As implemented, the function that describes segregation of each species at cell division. TODO: fix this implementation to allow for non-independent segregation.

fitness_array array (default: array([0, 1]))

Fitnesses with respect to copy number of each species in a cell. This should be a matrix in R^e (where e is the number of ecDNA species being modelled).

fitness_function Optional[Callable[[int, int, float], float]] (default: None)

A function that produces a fitness value as a function of copy number and the selection coefficient encoded by the fitness array.

capture_efficiency float (default: 1.0)

Probability of observing an ecDNA species. Used as the the probability of a binomial process.

Raises:
  • TreeSimulatorError if invalid stopping conditions are provided or if a

  • fitness distribution is not provided when a mutation distribution isn't

Methods

initialize_tree(names)[source]#

initializes a tree (nx.DiGraph() object with one node)

Return type:

DiGraph

update_fitness(ecdna_array)[source]#

Updates a lineage birth scale, representing its (Malthusian) fitness.

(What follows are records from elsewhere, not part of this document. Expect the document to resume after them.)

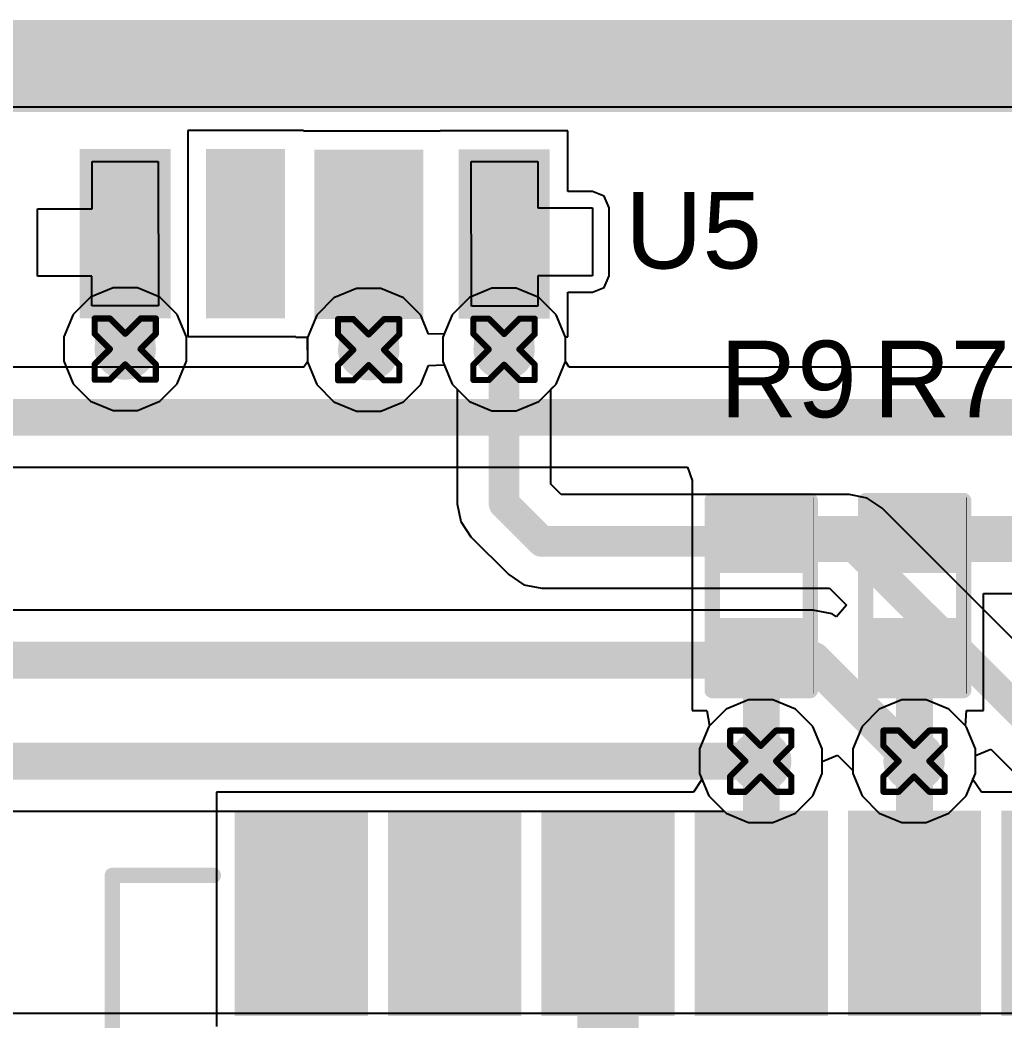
# Model space of a CAD drawing. Header units: inches. Extents: x -13 to 356, y -4 to 120.
# Drawn here: x 12.15 to 20.31, y 35.94 to 44.24 of the extents above; entities that cross this region are included whole.
import ezdxf

# ---------------------------------------------------------------- set-up
doc = ezdxf.new("R2010")
doc.units = ezdxf.units.IN
for name, color, linetype in [('Board_outline', 56, 'Continuous'), ('Bottom Layer', 5, 'Continuous'), ('Bottom Overlay', 54, 'Continuous'), ('Drill Drawing', 1, 'Continuous'), ('GND', 16, 'Continuous'), ('Keep-Out Layer', 6, 'Continuous'), ('POWER', 76, 'Continuous'), ('Top Layer', 1, 'Continuous'), ('Top Overlay', 2, 'Continuous'), ('Top Paste', 8, 'Continuous'), ('Top Solder', 216, 'Continuous'), ('Via Holes', 16, 'Continuous')]:
    doc.layers.add(name, color=color, linetype=linetype)
doc.styles.add('Arial', font='', dxfattribs={"height": 0.2})
doc.styles.get('Arial').set_extended_font_data('Arial')

# ---------------------------------------------------------------- blocks, each defined once
blk = doc.blocks.new('R___0402_5')
at = {"layer": 'Top Layer'}
for points in [[(-0.6985, -0.3175), (-0.6985, 0.3175), (-0.2413, 0.3175), (-0.2413, -0.3175)], [(0.2413, -0.3175), (0.2413, 0.3175), (0.6985, 0.3175), (0.6985, -0.3175)]]:
    blk.add_hatch(color=1, dxfattribs=at).paths.add_polyline_path(points)
at = {"layer": 'Top Paste'}
for points in [[(-0.6985, -0.3175), (-0.6985, 0.3175), (-0.2413, 0.3175), (-0.2413, -0.3175)], [(0.2413, -0.3175), (0.2413, 0.3175), (0.6985, 0.3175), (0.6985, -0.3175)]]:
    blk.add_hatch(color=8, dxfattribs=at).paths.add_polyline_path(points)
at = {"layer": 'Top Solder'}
for points in [[(-0.7535, -0.3725), (-0.7535, 0.3725), (-0.1863, 0.3725), (-0.1863, -0.3725)], [(0.1863, -0.3725), (0.1863, 0.3725), (0.7535, 0.3725), (0.7535, -0.3725)]]:
    blk.add_hatch(color=216, dxfattribs=at).paths.add_polyline_path(points)
at = {"layer": 'Top Overlay'}
for points, const_width in [([(-0.7874, 0.4064), (0.7874, 0.4064)], 0.127), ([(-0.7874, 0.4064), (-0.7874, -0.4064)], 0.127), ([(0.7874, 0.4064), (0.7874, -0.4064)], 0.127), ([(-0.7874, -0.4064), (0.7874, -0.4064)], 0.127), ([(-0.8128, -0.4318), (0.8128, -0.4318)], 0.00323)]:
    blk.add_lwpolyline(points, dxfattribs=dict(at, const_width=const_width))
for points, const_width in [([(-0.8191, 0.4064, 1), (-0.7556, 0.4064, 1)], 0.0635), ([(-0.8191, 0.4064, 1), (-0.7556, 0.4064, 1)], 0.0635), ([(0.7556, 0.4064, 1), (0.8191, 0.4064, 1)], 0.0635), ([(0.7556, 0.4064, 1), (0.8191, 0.4064, 1)], 0.0635), ([(-0.8191, -0.4064, 1), (-0.7556, -0.4064, 1)], 0.0635), ([(-0.8191, -0.4064, 1), (-0.7556, -0.4064, 1)], 0.0635), ([(0.7556, -0.4064, 1), (0.8191, -0.4064, 1)], 0.0635), ([(0.7556, -0.4064, 1), (0.8191, -0.4064, 1)], 0.0635), ([(-0.8136, -0.4318, 1), (-0.812, -0.4318, 1)], 0.00161), ([(0.812, -0.4318, 1), (0.8136, -0.4318, 1)], 0.00161)]:
    blk.add_lwpolyline(points, format="xyb", close=True, dxfattribs=dict(at, const_width=const_width))
blk = doc.blocks.new('R___0402_6')
at = {"layer": 'Top Layer'}
for points in [[(-0.6985, -0.3175), (-0.6985, 0.3175), (-0.2413, 0.3175), (-0.2413, -0.3175)], [(0.2413, -0.3175), (0.2413, 0.3175), (0.6985, 0.3175), (0.6985, -0.3175)]]:
    blk.add_hatch(color=1, dxfattribs=at).paths.add_polyline_path(points)
at = {"layer": 'Top Paste'}
for points in [[(-0.6985, -0.3175), (-0.6985, 0.3175), (-0.2413, 0.3175), (-0.2413, -0.3175)], [(0.2413, -0.3175), (0.2413, 0.3175), (0.6985, 0.3175), (0.6985, -0.3175)]]:
    blk.add_hatch(color=8, dxfattribs=at).paths.add_polyline_path(points)
at = {"layer": 'Top Solder'}
for points in [[(-0.7535, -0.3725), (-0.7535, 0.3725), (-0.1863, 0.3725), (-0.1863, -0.3725)], [(0.1863, -0.3725), (0.1863, 0.3725), (0.7535, 0.3725), (0.7535, -0.3725)]]:
    blk.add_hatch(color=216, dxfattribs=at).paths.add_polyline_path(points)
at = {"layer": 'Top Overlay'}
for points, const_width in [([(-0.7874, 0.4064), (0.7874, 0.4064)], 0.127), ([(-0.7874, 0.4064), (-0.7874, -0.4064)], 0.127), ([(0.7874, 0.4064), (0.7874, -0.4064)], 0.127), ([(-0.7874, -0.4064), (0.7874, -0.4064)], 0.127), ([(-0.8128, -0.4318), (0.8128, -0.4318)], 0.00323)]:
    blk.add_lwpolyline(points, dxfattribs=dict(at, const_width=const_width))
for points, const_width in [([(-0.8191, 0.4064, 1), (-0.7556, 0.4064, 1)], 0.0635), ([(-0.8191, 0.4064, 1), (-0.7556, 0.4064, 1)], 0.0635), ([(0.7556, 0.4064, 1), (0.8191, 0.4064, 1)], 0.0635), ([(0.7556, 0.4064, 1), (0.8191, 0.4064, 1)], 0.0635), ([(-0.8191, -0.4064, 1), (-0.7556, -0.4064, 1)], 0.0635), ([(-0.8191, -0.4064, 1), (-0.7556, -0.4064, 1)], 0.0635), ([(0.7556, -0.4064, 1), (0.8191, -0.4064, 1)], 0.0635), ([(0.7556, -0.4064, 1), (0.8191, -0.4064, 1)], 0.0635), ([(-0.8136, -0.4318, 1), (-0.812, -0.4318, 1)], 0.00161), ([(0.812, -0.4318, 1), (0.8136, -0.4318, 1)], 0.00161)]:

Fitness is computed as a function of copy number, using the fitness_array (which defines fitness for CN=0 or CN >0 for each species, with epistasis).

Parameters:
ecdna_array array

The birth_scale to be updated

Return type:

float

Returns:

The updated birth_scale

Raises:

TreeSimulatorError if a negative number of mutations is sampled

sample_lineage_event(lineage, current_lineages, tree, names, observed_nodes)[source]#

A helper function that samples an event for a lineage. Takes a lineage and determines the next event in that lineage’s future. Simulates the lifespan of a new descendant. Birth and death waiting times are sampled, representing how long the descendant lived. If a death event occurs first, then the lineage with the new descendant is added to the queue of currently alive, but its status is marked as inactive and will be removed at the time the lineage dies. If a birth event occurs first, then the lineage with the new descendant is added to the queue, but with its status marked as active, and further events will be sampled at the time the lineage divides. Additionally, its fitness will be updated by altering its birth rate. The descendant node is added to the tree object, with the edge weight between the current node and the descendant representing the lifespan of the descendant. In the case the descendant would live past the end of the experiment (both birth and death times exceed past the end of the experiment), then the lifespan is cut off at the experiment time and a final observed sample is added to the tree. In this case the lineage is marked as inactive as well. :param unique_id: The unique ID number to be used to name a new node

added to the tree

Parameters:
lineage Dict[str, Union[int, float]]

The current extant lineage to extend. Contains the ID of the internal node to attach the descendant to, the current birth scale parameter of the lineage, the current total lived time of the lineage, and the status of whether the lineage is still dividing

current_lineages PriorityQueue

The queue containing currently alive lineages

tree DiGraph

The tree object being constructed by the simulator representing the birth death process

names Generator

A generator providing unique names for tree nodes

observed_nodes List[str]

A list of nodes that are observed at the end of the experiment

Raises:
  • TreeSimulatorError if a negative waiting time is sampled or a

  • non-active lineage is passed in

Return type:

None

get_ecdna_array(parent_id, tree)[source]#

Generates an ecDNA array for a child given its parent and sisters.

Parameters:
parent_id str

ID of parent in the generated tree.

tree DiGraph

The in-progress tree.

Return type:

array

Returns:

Numpy array corresponding to the ecDNA copy numbers for the child.

populate_tree_from_simulation(tree, observed_nodes)[source]#

Populates tree with appropriate meta data.

Parameters:
tree DiGraph

The tree simulated with ecDNA and fitness values populated as attributes.

observed_nodes List[str]

The observed leaves of the tree.

Return type:

CassiopeiaTree

Returns:

A CassiopeiaTree with relevant node attributes filled in.